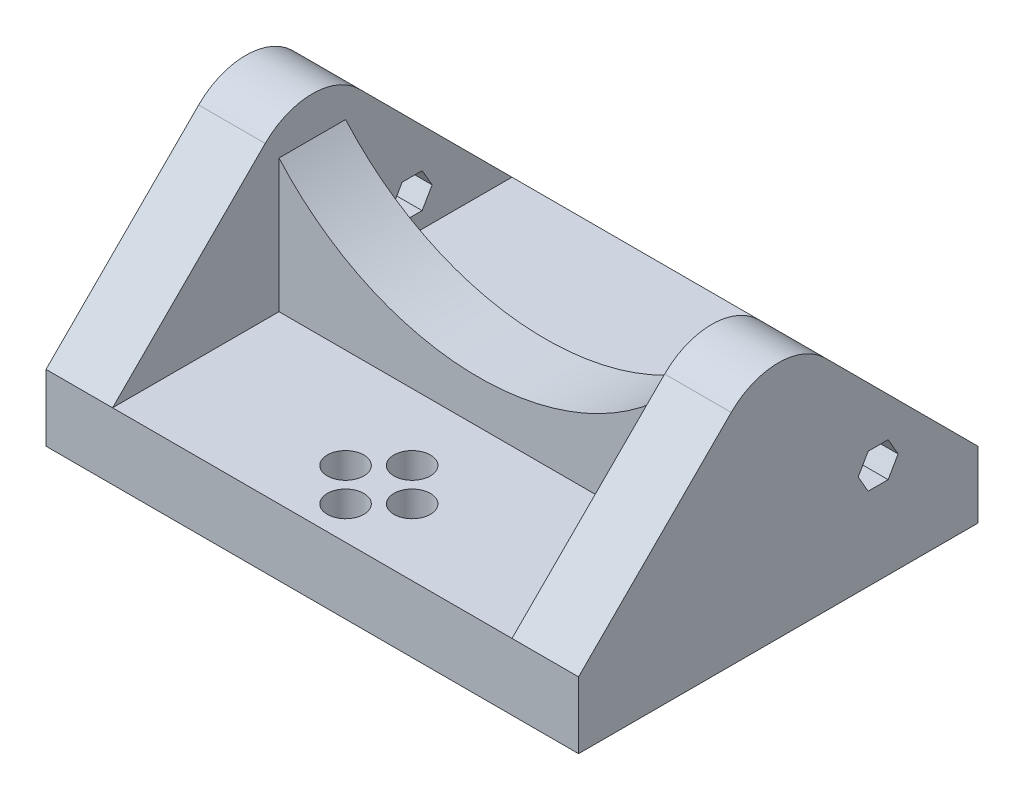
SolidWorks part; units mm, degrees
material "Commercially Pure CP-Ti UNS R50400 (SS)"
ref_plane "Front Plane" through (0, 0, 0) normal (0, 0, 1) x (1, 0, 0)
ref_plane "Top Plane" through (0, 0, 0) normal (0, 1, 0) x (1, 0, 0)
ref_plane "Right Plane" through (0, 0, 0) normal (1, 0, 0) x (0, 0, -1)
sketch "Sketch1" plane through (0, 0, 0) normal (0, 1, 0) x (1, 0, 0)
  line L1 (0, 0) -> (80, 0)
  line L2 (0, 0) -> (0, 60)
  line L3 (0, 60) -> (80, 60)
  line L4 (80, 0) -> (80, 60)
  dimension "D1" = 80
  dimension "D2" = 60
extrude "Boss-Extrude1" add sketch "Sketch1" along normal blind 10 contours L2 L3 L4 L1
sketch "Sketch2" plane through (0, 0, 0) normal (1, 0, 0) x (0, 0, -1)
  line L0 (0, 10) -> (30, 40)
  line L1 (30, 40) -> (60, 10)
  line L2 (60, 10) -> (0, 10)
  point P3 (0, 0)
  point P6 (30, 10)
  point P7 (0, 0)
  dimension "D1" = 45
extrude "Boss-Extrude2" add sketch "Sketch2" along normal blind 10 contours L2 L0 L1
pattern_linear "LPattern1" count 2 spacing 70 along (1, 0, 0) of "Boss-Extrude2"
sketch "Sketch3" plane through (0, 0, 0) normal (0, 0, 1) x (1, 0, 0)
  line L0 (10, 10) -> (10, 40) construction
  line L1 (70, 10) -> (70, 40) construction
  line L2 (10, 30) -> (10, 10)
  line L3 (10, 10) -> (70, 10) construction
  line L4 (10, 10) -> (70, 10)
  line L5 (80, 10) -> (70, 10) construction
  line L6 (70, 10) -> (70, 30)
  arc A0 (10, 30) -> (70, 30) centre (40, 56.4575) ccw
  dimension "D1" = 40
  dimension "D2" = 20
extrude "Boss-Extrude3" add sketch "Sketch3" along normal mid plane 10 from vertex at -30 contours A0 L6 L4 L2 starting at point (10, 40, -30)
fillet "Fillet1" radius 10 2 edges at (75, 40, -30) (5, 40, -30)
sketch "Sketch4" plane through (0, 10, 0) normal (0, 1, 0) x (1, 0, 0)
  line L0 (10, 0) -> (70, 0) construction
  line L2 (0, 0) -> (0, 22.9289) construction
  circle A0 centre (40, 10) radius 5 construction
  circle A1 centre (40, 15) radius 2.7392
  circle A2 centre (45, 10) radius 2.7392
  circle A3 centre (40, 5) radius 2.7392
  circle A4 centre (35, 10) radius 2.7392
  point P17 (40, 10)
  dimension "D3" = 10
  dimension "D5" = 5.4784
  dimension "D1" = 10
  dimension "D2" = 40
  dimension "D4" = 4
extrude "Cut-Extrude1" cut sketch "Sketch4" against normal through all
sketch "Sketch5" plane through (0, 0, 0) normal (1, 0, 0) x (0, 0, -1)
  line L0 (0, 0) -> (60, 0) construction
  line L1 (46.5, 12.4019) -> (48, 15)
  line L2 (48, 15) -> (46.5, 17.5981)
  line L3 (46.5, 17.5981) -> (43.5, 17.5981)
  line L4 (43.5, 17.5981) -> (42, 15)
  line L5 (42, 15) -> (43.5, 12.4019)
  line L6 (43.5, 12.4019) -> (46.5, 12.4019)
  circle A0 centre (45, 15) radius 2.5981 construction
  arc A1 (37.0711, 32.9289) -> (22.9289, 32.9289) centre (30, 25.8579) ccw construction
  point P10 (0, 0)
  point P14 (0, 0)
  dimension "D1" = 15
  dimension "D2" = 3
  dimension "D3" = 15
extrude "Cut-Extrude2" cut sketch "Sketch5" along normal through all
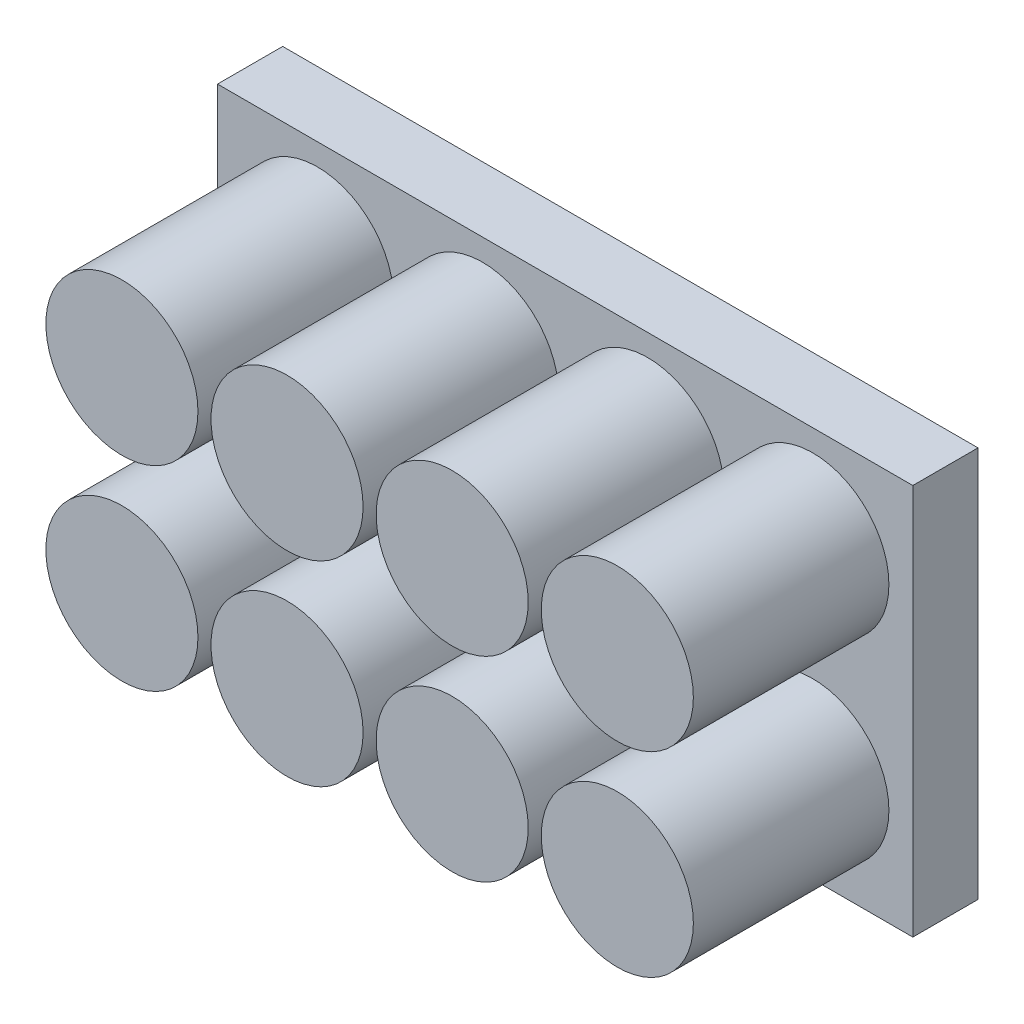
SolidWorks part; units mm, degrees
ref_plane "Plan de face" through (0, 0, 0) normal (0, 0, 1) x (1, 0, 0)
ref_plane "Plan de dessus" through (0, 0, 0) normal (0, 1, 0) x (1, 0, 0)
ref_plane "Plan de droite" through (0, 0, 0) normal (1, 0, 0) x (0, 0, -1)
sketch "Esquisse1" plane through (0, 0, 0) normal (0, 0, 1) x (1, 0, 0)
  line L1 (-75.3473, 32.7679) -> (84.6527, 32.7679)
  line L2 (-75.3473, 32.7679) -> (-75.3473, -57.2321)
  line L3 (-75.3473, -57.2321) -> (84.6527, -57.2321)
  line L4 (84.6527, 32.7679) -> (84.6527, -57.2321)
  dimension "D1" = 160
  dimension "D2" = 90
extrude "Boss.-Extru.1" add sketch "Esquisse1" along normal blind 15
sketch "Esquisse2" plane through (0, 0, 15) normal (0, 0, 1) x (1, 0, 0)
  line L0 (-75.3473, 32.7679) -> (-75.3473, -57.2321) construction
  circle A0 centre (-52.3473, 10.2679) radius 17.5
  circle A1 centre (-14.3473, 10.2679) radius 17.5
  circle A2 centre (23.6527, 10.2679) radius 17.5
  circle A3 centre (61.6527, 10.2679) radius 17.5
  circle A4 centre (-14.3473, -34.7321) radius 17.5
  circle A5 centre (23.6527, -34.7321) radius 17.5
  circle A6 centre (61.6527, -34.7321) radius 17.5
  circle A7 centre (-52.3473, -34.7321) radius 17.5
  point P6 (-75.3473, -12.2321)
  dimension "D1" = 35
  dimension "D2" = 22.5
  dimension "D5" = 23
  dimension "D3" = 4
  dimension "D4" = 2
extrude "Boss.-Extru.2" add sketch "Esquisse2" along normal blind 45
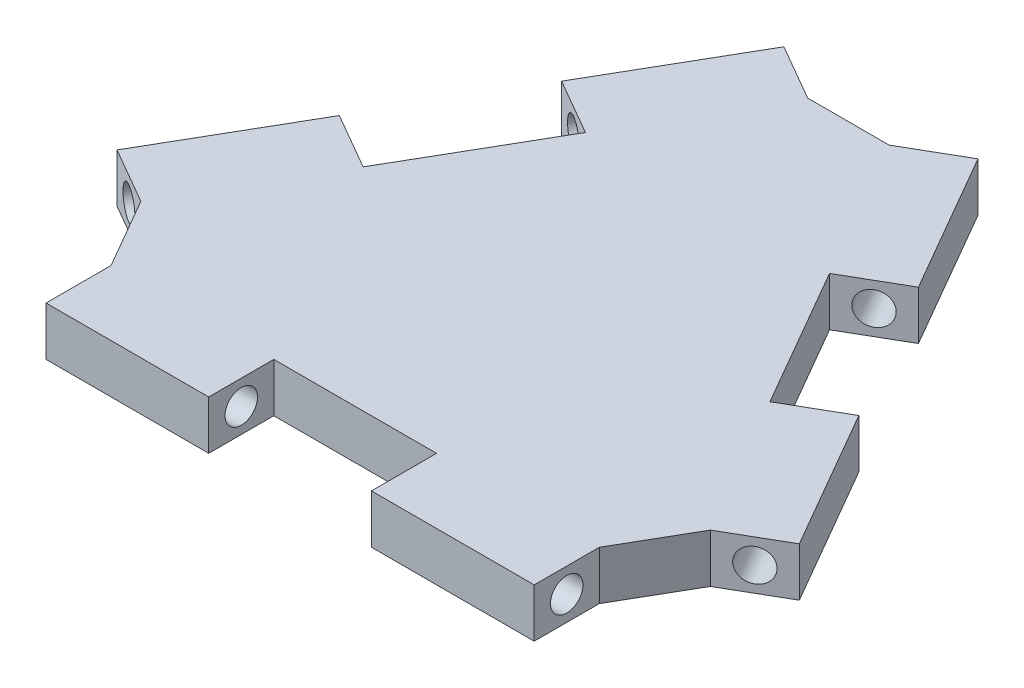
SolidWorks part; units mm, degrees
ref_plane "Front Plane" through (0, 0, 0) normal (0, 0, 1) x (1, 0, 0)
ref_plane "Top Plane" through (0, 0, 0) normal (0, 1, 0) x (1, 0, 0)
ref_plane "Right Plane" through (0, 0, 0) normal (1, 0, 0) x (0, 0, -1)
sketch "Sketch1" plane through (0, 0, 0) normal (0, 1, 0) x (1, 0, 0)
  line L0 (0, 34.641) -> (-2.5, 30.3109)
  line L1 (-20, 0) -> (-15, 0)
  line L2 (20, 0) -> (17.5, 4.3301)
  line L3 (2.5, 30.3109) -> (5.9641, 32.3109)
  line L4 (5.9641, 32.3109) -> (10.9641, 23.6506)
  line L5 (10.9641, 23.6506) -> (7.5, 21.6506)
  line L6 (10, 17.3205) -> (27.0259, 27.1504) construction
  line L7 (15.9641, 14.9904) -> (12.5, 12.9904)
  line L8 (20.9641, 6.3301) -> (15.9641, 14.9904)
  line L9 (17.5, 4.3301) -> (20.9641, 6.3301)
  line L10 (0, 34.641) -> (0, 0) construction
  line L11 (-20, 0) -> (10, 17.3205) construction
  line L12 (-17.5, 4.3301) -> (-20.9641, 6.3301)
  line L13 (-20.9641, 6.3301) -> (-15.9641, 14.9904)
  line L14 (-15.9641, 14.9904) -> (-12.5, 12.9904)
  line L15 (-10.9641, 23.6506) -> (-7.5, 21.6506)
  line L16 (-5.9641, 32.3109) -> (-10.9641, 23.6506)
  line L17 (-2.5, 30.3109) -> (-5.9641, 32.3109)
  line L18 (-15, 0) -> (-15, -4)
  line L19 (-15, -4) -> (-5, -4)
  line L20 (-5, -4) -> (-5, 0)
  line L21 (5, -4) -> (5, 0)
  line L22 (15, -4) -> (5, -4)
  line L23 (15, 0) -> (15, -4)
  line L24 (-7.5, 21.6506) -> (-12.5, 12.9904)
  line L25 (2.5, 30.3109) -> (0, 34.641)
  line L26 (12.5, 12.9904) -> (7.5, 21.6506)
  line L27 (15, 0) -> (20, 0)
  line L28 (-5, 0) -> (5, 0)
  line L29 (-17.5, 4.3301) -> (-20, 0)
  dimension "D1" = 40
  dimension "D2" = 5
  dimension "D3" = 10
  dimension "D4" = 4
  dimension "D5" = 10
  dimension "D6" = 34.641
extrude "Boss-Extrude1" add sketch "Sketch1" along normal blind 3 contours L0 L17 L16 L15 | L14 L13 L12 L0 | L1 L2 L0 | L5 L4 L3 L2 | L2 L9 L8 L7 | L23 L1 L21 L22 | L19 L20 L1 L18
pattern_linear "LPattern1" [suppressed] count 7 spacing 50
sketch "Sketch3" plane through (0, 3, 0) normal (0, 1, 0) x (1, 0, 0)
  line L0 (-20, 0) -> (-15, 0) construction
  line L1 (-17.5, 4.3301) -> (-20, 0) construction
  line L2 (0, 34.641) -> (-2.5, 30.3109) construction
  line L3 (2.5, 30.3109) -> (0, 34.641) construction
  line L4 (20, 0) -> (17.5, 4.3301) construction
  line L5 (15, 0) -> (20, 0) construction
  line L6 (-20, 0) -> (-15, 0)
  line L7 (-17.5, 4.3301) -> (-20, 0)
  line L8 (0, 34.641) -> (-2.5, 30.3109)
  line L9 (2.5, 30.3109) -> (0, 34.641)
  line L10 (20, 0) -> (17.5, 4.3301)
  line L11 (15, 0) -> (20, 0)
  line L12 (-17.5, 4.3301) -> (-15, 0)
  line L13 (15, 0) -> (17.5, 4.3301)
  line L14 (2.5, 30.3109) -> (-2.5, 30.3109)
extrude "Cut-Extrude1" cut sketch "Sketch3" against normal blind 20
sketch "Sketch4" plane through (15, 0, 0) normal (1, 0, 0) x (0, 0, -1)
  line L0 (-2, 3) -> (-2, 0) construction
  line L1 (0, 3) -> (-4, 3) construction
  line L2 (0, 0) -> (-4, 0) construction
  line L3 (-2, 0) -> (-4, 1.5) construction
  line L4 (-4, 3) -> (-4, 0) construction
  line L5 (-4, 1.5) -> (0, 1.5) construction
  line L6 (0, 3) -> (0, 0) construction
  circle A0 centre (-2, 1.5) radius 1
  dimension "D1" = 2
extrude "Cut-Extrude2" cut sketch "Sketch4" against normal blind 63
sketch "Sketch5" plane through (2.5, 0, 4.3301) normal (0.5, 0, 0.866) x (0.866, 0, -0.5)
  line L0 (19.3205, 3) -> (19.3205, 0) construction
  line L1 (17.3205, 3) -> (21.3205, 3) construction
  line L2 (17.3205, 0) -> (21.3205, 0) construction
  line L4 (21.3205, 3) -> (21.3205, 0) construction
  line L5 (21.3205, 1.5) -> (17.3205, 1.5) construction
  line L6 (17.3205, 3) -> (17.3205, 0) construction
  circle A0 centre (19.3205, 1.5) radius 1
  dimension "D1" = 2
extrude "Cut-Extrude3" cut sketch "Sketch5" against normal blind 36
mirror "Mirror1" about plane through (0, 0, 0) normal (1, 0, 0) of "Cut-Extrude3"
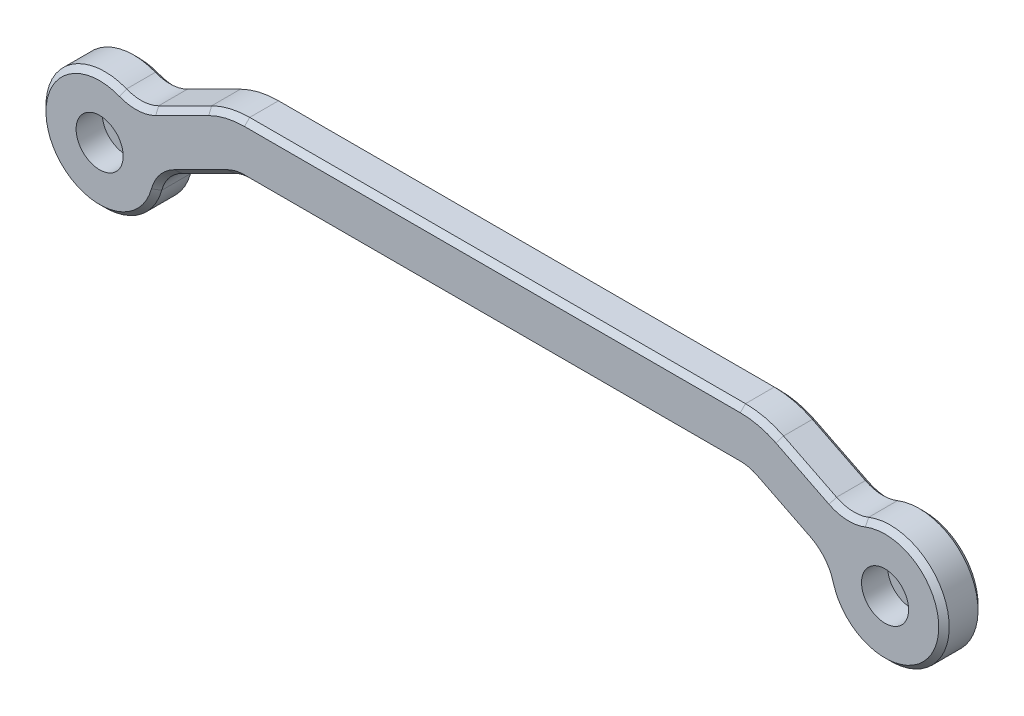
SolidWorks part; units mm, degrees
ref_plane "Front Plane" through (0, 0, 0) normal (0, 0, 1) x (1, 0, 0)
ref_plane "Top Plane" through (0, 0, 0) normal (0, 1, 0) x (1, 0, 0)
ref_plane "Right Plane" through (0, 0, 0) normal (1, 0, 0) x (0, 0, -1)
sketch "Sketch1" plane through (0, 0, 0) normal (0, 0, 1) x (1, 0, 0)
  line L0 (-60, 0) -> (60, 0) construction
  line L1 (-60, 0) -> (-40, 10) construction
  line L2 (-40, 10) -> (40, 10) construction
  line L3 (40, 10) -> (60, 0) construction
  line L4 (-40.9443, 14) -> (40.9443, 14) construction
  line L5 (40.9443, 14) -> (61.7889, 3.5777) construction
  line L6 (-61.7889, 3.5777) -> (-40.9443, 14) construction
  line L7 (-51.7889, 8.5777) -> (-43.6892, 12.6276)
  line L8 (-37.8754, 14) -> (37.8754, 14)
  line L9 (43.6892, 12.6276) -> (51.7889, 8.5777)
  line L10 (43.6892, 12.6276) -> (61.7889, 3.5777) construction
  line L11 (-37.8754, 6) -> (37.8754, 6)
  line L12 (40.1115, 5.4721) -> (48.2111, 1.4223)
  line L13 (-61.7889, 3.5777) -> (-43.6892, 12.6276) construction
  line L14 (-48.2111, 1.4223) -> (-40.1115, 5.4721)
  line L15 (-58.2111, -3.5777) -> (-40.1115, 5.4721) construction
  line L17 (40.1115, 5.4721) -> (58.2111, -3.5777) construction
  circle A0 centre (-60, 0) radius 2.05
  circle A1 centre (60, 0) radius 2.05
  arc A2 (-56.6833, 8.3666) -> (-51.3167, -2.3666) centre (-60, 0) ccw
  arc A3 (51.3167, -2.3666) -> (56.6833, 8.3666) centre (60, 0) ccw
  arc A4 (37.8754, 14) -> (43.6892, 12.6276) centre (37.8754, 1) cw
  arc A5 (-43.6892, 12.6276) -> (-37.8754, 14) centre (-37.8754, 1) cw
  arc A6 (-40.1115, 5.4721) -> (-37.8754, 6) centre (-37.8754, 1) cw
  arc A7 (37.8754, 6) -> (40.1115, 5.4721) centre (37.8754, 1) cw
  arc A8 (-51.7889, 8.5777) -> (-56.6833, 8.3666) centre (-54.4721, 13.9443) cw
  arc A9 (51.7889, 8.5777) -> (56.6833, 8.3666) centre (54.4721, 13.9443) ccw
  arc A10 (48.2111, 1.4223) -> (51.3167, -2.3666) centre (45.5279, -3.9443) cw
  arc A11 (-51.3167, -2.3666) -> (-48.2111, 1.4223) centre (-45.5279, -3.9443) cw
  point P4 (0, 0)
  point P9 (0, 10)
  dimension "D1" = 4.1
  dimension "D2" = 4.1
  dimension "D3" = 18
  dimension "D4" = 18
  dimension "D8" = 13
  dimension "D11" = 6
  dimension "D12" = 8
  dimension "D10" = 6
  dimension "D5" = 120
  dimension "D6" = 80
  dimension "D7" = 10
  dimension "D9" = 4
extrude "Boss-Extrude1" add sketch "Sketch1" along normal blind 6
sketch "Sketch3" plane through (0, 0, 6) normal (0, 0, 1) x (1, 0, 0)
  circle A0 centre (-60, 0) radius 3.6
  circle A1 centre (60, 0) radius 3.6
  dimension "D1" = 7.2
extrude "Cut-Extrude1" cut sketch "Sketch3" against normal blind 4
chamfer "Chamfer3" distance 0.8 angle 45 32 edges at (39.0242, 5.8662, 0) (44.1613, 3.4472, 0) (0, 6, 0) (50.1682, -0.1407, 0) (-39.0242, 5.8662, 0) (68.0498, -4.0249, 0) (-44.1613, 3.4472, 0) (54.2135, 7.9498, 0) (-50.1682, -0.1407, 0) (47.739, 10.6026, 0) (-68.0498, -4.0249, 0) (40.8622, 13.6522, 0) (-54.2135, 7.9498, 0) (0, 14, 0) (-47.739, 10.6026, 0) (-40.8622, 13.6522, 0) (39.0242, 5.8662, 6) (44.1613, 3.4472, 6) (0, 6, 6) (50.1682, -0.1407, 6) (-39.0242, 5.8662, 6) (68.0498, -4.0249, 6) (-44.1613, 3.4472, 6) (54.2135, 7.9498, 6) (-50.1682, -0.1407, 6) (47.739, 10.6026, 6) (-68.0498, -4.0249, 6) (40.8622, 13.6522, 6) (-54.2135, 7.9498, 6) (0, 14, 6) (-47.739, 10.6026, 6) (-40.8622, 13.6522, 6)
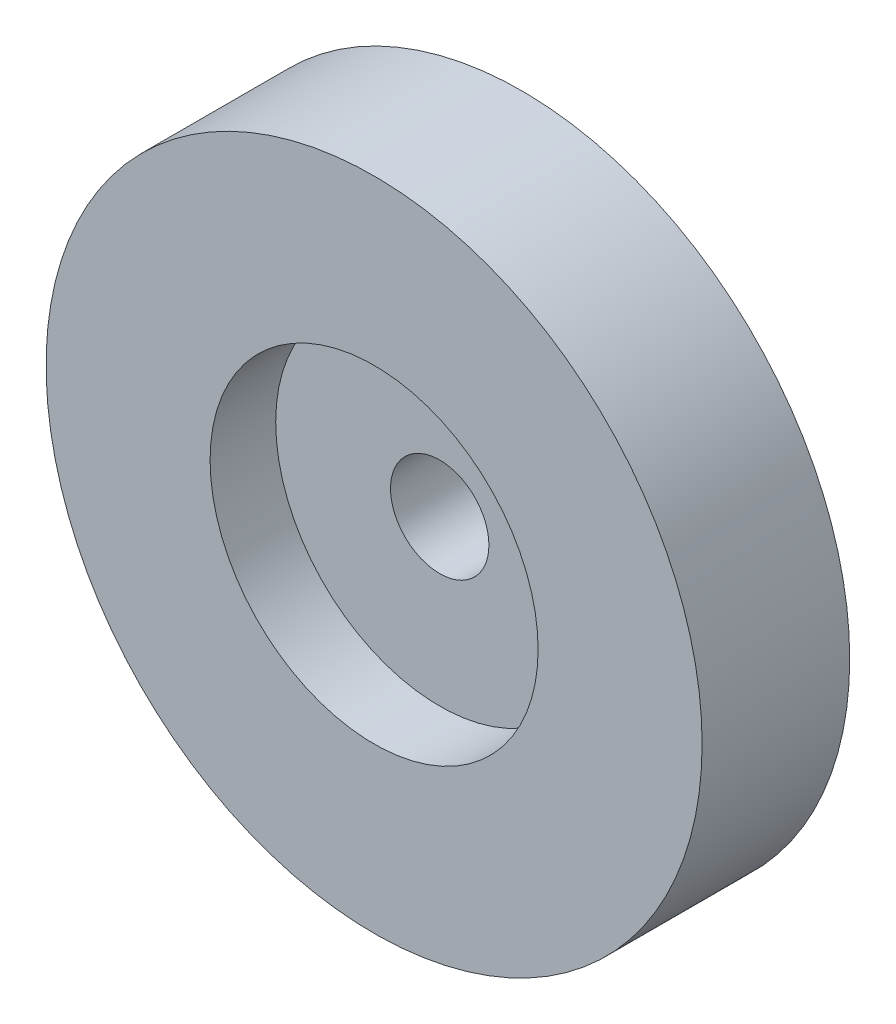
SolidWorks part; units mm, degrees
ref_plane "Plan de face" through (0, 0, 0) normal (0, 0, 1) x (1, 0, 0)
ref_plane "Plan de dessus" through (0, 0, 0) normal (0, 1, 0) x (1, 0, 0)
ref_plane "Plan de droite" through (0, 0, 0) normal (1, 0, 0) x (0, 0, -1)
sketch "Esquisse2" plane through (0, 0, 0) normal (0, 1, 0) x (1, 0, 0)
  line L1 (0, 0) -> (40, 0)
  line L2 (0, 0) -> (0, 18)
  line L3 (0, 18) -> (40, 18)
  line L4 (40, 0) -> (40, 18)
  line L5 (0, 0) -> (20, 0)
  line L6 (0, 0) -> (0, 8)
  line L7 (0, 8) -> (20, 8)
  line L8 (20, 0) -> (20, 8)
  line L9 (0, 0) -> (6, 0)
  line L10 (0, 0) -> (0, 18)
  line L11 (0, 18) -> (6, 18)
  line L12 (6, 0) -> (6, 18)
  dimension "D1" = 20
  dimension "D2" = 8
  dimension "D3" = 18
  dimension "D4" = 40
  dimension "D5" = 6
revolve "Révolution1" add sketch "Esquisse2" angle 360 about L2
▬▬▬▬▬▬
**Work to be completed**.
Among the lines above, show every one that contains the string "point".

**Result of this task**.
  point P3 (0, 0)
  point P6 (30, 10)
  point P7 (0, 0)
extrude "Boss-Extrude3" add sketch "Sketch3" along normal mid plane 10 from vertex at -30 contours A0 L6 L4 L2 starting at point (10, 40, -30)
  point P17 (40, 10)
  point P10 (0, 0)
  point P14 (0, 0)
  point P6 (-75.3473, -12.2321)
  point P4 (0, 0)
  point P9 (0, 10)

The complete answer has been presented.